BEGIN

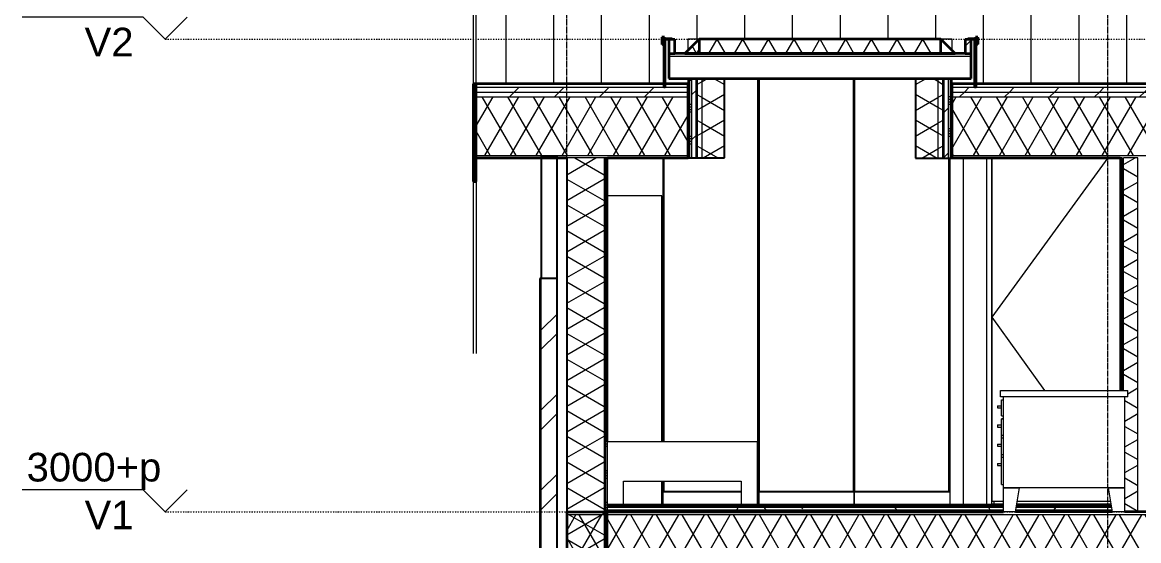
# Model space of a CAD drawing. Header units: millimetres. Extents: x -9622 to 8910, y -3000 to 10688.
# Drawn here: x -8440 to -1425, y 2819 to 6077 of the extents above; entities that cross this region are included whole.
import ezdxf

# ---------------------------------------------------------------- set-up
doc = ezdxf.new("R2010")
doc.units = ezdxf.units.MM
doc.linetypes.add('Dash dot', pattern=[15.875, 6.35, -4.7625, 0, -4.7625])
doc.linetypes.add('grid', pattern=[24, 15, -3, 3, -3])
for name, color, linetype, lineweight in [('A-DOOR', 31, 'Continuous', 9), ('A-FLOR', 192, 'Continuous', 9), ('A-FLOR-LEVL', 51, 'Continuous', 9), ('A-FLOR-MCUT', 51, 'Continuous', 9), ('A-FLOR-PATT', 8, 'Continuous', 35), ('A-ROOF', 132, 'Continuous', 9), ('A-ROOF-MCUT', 132, 'Continuous', 35), ('A-ROOF-OTLN', 132, 'Continuous', 9), ('A-ROOF-PATT', 132, 'Continuous', 35), ('A-WALL', 113, 'Continuous', 9), ('A-WALL-PATT', 111, 'Continuous', 25), ('I-FURN', 30, 'Continuous', 9), ('I-WALL', 2, 'Continuous', 9), ('S-GRID', 1, 'Continuous', 9)]:
    doc.layers.add(name, color=color, linetype=linetype, lineweight=lineweight)
doc.styles.add('Arial', font='arial.ttf', dxfattribs={"height": 180})
pattern_1 = [(45, (-635.1, 2150), (-141.4214, 141.4214), [])]
pattern_2 = [(330, (-4255.76, 4361.91), (70, 121.244), []), (30, (-4255.76, 4361.91), (-70, 121.244), [])]
pattern_3 = [(150, (-2599.76, 4361.91), (-70, -121.244), []), (210, (-2599.76, 4361.91), (70, -121.244), [])]

# ---------------------------------------------------------------- blocks, each defined once
blk = doc.blocks.new('32_EA_binnenkozijn_hardhout_deurzonderbovenlicht - 900x2730-1443313-D-D')
at = {"layer": 'A-DOOR'}
for p, q in [((-2382.3, 5224.5), (-2382.3, 3048)), ((-1618.1, 5224.5), (-2347.3, 4223)), ((-2347.3, 5224.5), (-2347.3, 3068)), ((-2347.3, 3048), (-2347.3, 5224.5)), ((-2347.3, 4223), (-2016, 3762)), ((-2382.3, 3048), (-2347.3, 3048)), ((-2347.3, 3068), (-2274.8, 3068)), ((-2332.3, 3048), (-2332.3, 3068)), ((-2187.2, 3068), (-1600.3, 3068))]:
    blk.add_line(p, q, dxfattribs=at)
blk = doc.blocks.new('M_Desk - 1525 x 762mm-99774-D-D')
at = {"layer": 'I-FURN'}
for p, q in [((-2293.8, 3762), (-1493.7, 3762)), ((-2293.8, 3723.9), (-2293.8, 3762)), ((-1493.7, 3723.9), (-2293.8, 3723.9)), ((-2274.8, 3152), (-2274.8, 3723.9)), ((-1512.8, 3152), (-1512.8, 3723.9)), ((-1493.7, 3723.9), (-1493.7, 3762)), ((-2312.9, 3666.8), (-2287.5, 3666.8)), ((-2312.9, 3666.8), (-2312.9, 3654.1)), ((-2312.9, 3654.1), (-2287.5, 3654.1)), ((-2287.5, 3602.9), (-2287.5, 3704.9)), ((-2287.5, 3704.9), (-2274.8, 3704.9)), ((-2287.5, 3602.9), (-2274.8, 3602.9)), ((-2287.5, 3584.2), (-2274.8, 3584.2)), ((-2287.5, 3482.2), (-2287.5, 3583.8)), ((-2274.8, 3583.8), (-2287.5, 3583.8)), ((-2312.9, 3546.1), (-2287.5, 3546.1)), ((-2312.9, 3546.1), (-2312.9, 3533.4)), ((-2312.9, 3533.4), (-2287.5, 3533.4)), ((-2287.5, 3463.2), (-2287.5, 3482.2)), ((-2287.5, 3482.2), (-2274.8, 3482.2)), ((-2287.5, 3361.6), (-2287.5, 3463.2)), ((-2274.8, 3463.2), (-2287.5, 3463.2)), ((-2312.9, 3425.5), (-2287.5, 3425.5)), ((-2312.9, 3425.5), (-2312.9, 3412.8)), ((-2312.9, 3412.8), (-2287.5, 3412.8)), ((-2312.9, 3304.8), (-2287.5, 3304.8)), ((-2312.9, 3304.8), (-2312.9, 3292.1)), ((-2287.5, 3342.5), (-2287.5, 3361.6)), ((-2287.5, 3361.6), (-2274.8, 3361.6)), ((-2287.5, 3171.1), (-2287.5, 3342.5)), ((-2274.8, 3342.5), (-2287.5, 3342.5)), ((-2312.9, 3292.1), (-2287.5, 3292.1)), ((-2287.5, 3171.1), (-2274.8, 3171.1)), ((-2274.8, 3000), (-2274.8, 3152)), ((-2274.8, 3152), (-2173.2, 3152)), ((-1512.8, 3152), (-2274.8, 3152)), ((-2198.6, 3000), (-2173.2, 3152)), ((-1589, 3000), (-1614.4, 3152)), ((-1614.4, 3152), (-1512.8, 3152)), ((-1512.8, 3000), (-1512.8, 3152)), ((-2198.6, 3000), (-2274.8, 3000)), ((-1512.8, 3000), (-1589, 3000))]:
    blk.add_line(p, q, dxfattribs=at)
blk = doc.blocks.new('82_CC_MOD_bed enkel - 2000 x 900 bak-468234-D-D')
at = {"layer": 'I-FURN'}
for p, q in [((-4762.8, 3443), (-3822.8, 3443)), ((-4762.8, 3043), (-4762.8, 3443)), ((-3822.8, 3443), (-3822.8, 3043)), ((-4662.8, 3043), (-4662.8, 3193)), ((-4662.8, 3193), (-3922.8, 3193)), ((-3922.8, 3193), (-3922.8, 3043)), ((-4662.8, 3043), (-4762.8, 3043)), ((-3822.8, 3043), (-3922.8, 3043))]:
    blk.add_line(p, q, dxfattribs=at)
blk = doc.blocks.new('73_EA_Standaard_kledingkast_IKEA - 670x600x2790-500019-D-D')
at = {"layer": 'I-FURN'}
for p, q in [((-3212.8, 3123), (-3212.8, 5718.8)), ((-3207.8, 3128), (-3207.8, 5718.8)), ((-2617.8, 3128), (-2617.8, 5223.3)), ((-2612.8, 5223.3), (-2612.8, 3123)), ((-3212.8, 3043), (-3212.8, 3123)), ((-3194.8, 3123), (-3212.8, 3123)), ((-2617.8, 3128), (-3207.8, 3128)), ((-3194.8, 3123), (-3194.8, 3128)), ((-3194.8, 3128), (-3194.8, 3123)), ((-2630.8, 3123), (-3194.8, 3123)), ((-2630.8, 3128), (-2630.8, 3123)), ((-2630.8, 3123), (-2630.8, 3128)), ((-2612.8, 3123), (-2630.8, 3123)), ((-2612.8, 3123), (-2612.8, 3043)), ((-2612.8, 3043), (-3212.8, 3043))]:
    blk.add_line(p, q, dxfattribs=at)
blk = doc.blocks.new('73_EA_Standaard_kledingkast_IKEA - 670x600x2790-V2-D-D')
at = {"layer": 'I-FURN'}
for p, q in [((-3812.8, 3123), (-3812.8, 5718.8)), ((-3807.8, 3128), (-3807.8, 5718.8)), ((-3217.8, 3128), (-3217.8, 5718.8)), ((-3212.8, 5718.8), (-3212.8, 3123)), ((-3812.8, 3043), (-3812.8, 3123)), ((-3794.8, 3123), (-3812.8, 3123)), ((-3217.8, 3128), (-3807.8, 3128)), ((-3794.8, 3123), (-3794.8, 3128)), ((-3794.8, 3128), (-3794.8, 3123)), ((-3230.8, 3123), (-3794.8, 3123)), ((-3230.8, 3128), (-3230.8, 3123)), ((-3230.8, 3123), (-3230.8, 3128)), ((-3212.8, 3123), (-3230.8, 3123)), ((-3212.8, 3123), (-3212.8, 3043)), ((-3212.8, 3043), (-3812.8, 3043))]:
    blk.add_line(p, q, dxfattribs=at)
blk = doc.blocks.new('73_EA_Standaard_kledingkast_IKEA - 670x600x2790-V3-D-D')
at = {"layer": 'I-FURN'}
for p, q in [((-3817.8, 3128), (-3817.8, 5718.8)), ((-3812.8, 5718.8), (-3812.8, 3123)), ((-4412.8, 3443), (-4412.8, 5224.5)), ((-4407.8, 3443), (-4407.8, 5224.5)), ((-4412.8, 3123), (-4412.8, 3193)), ((-4407.8, 3128), (-4407.8, 3193)), ((-4412.8, 3043), (-4412.8, 3123)), ((-4394.8, 3123), (-4412.8, 3123)), ((-3922.8, 3128), (-4407.8, 3128)), ((-4394.8, 3123), (-4394.8, 3128)), ((-4394.8, 3128), (-4394.8, 3123)), ((-3922.8, 3123), (-4394.8, 3123)), ((-3817.8, 3128), (-3822.8, 3128)), ((-3812.8, 3123), (-3822.8, 3123)), ((-3812.8, 3123), (-3812.8, 3043)), ((-3922.8, 3043), (-4412.8, 3043)), ((-3812.8, 3043), (-3822.8, 3043))]:
    blk.add_line(p, q, dxfattribs=at)
blk = doc.blocks.new('Level - 1_8mm-444885-D-D')
at = {"layer": 'A-FLOR-LEVL'}
for p, q in [((-7680.2, 3138), (-8440.2, 3138)), ((-7542.2, 3000), (-7680.2, 3138)), ((-7542.2, 3000), (-7404.1, 3138))]:
    blk.add_line(p, q, dxfattribs=at)

msp = doc.modelspace()

# ---------------------------------------------------------------- hatches: boundary and pattern name
at = {"layer": 'A-FLOR-PATT', "lineweight": 9}
h = msp.add_hatch(dxfattribs=at)
h.set_pattern_fill('FP_31', color=256, style=0, pattern_type=2)
h.set_pattern_definition([(0, (-635.09, 2150), (406.4, 101.6), [33.528, -271.272, 33.528, -271.272, -1625.6]), (0, (-635.09, 2150), (406.4, 101.6), [-609.6, 33.528, -576.072, 33.528, -271.272, -711.2]), (0, (-635.09, 2150), (406.4, 101.6), [-1524, 33.528, -169.672, 33.528, -474.472]), (120, (-482.69, 2200.8), (-291.1882, 301.1527), [33.528, -271.272, 33.528, -271.272, -1625.6]), (120, (-482.69, 2200.8), (-291.1882, 301.1527), [-609.6, 33.528, -576.072, 33.528, -271.272, -711.2]), (120, (-482.69, 2200.8), (-291.1882, 301.1527), [-1524, 33.528, -169.672, 33.528, -474.472]), (240, (-431.89, 2404), (-115.2118, -402.7527), [33.528, -271.272, 33.528, -271.272, -1625.6]), (240, (-431.89, 2404), (-115.2118, -402.7527), [-609.6, 33.528, -576.072, 33.528, -271.272, -711.2]), (240, (-431.89, 2404), (-115.2118, -402.7527), [-1524, 33.528, -169.672, 33.528, -474.472])])
h.paths.add_polyline_path([(-962.2, 3010), (1775.2, 3010), (1775.2, 3028), (-1409, 3028), (-1409, 3010), (-1016.2, 3010)])
h.paths.add_polyline_path([(-4361.2, 3010), (-2274.8, 3010), (-2274.8, 3028), (-4762.7, 3028), (-4762.7, 3010)])
h.paths.add_polyline_path([(-2196.9, 3010), (-1590.6, 3010), (-1593.6, 3028), (-2193.9, 3028), (-2194.5, 3024.3)])
h = msp.add_hatch(dxfattribs=at)
h.set_pattern_fill('FP_2', color=256, angle=90, style=0, pattern_type=2)
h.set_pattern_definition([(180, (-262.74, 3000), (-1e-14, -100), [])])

END

_Problem to solve_
Look for the line that contains "3028), (-2194.5, 3024.3)])" in the listing above. Set down that line and each line after it, ending with the last one.

_Result for this exercise_
h.paths.add_polyline_path([(-2196.9, 3010), (-1590.6, 3010), (-1593.6, 3028), (-2193.9, 3028), (-2194.5, 3024.3)])
h = msp.add_hatch(dxfattribs=at)
h.set_pattern_fill('FP_2', color=256, angle=90, style=0, pattern_type=2)
h.set_pattern_definition([(180, (-262.74, 3000), (-1e-14, -100), [])])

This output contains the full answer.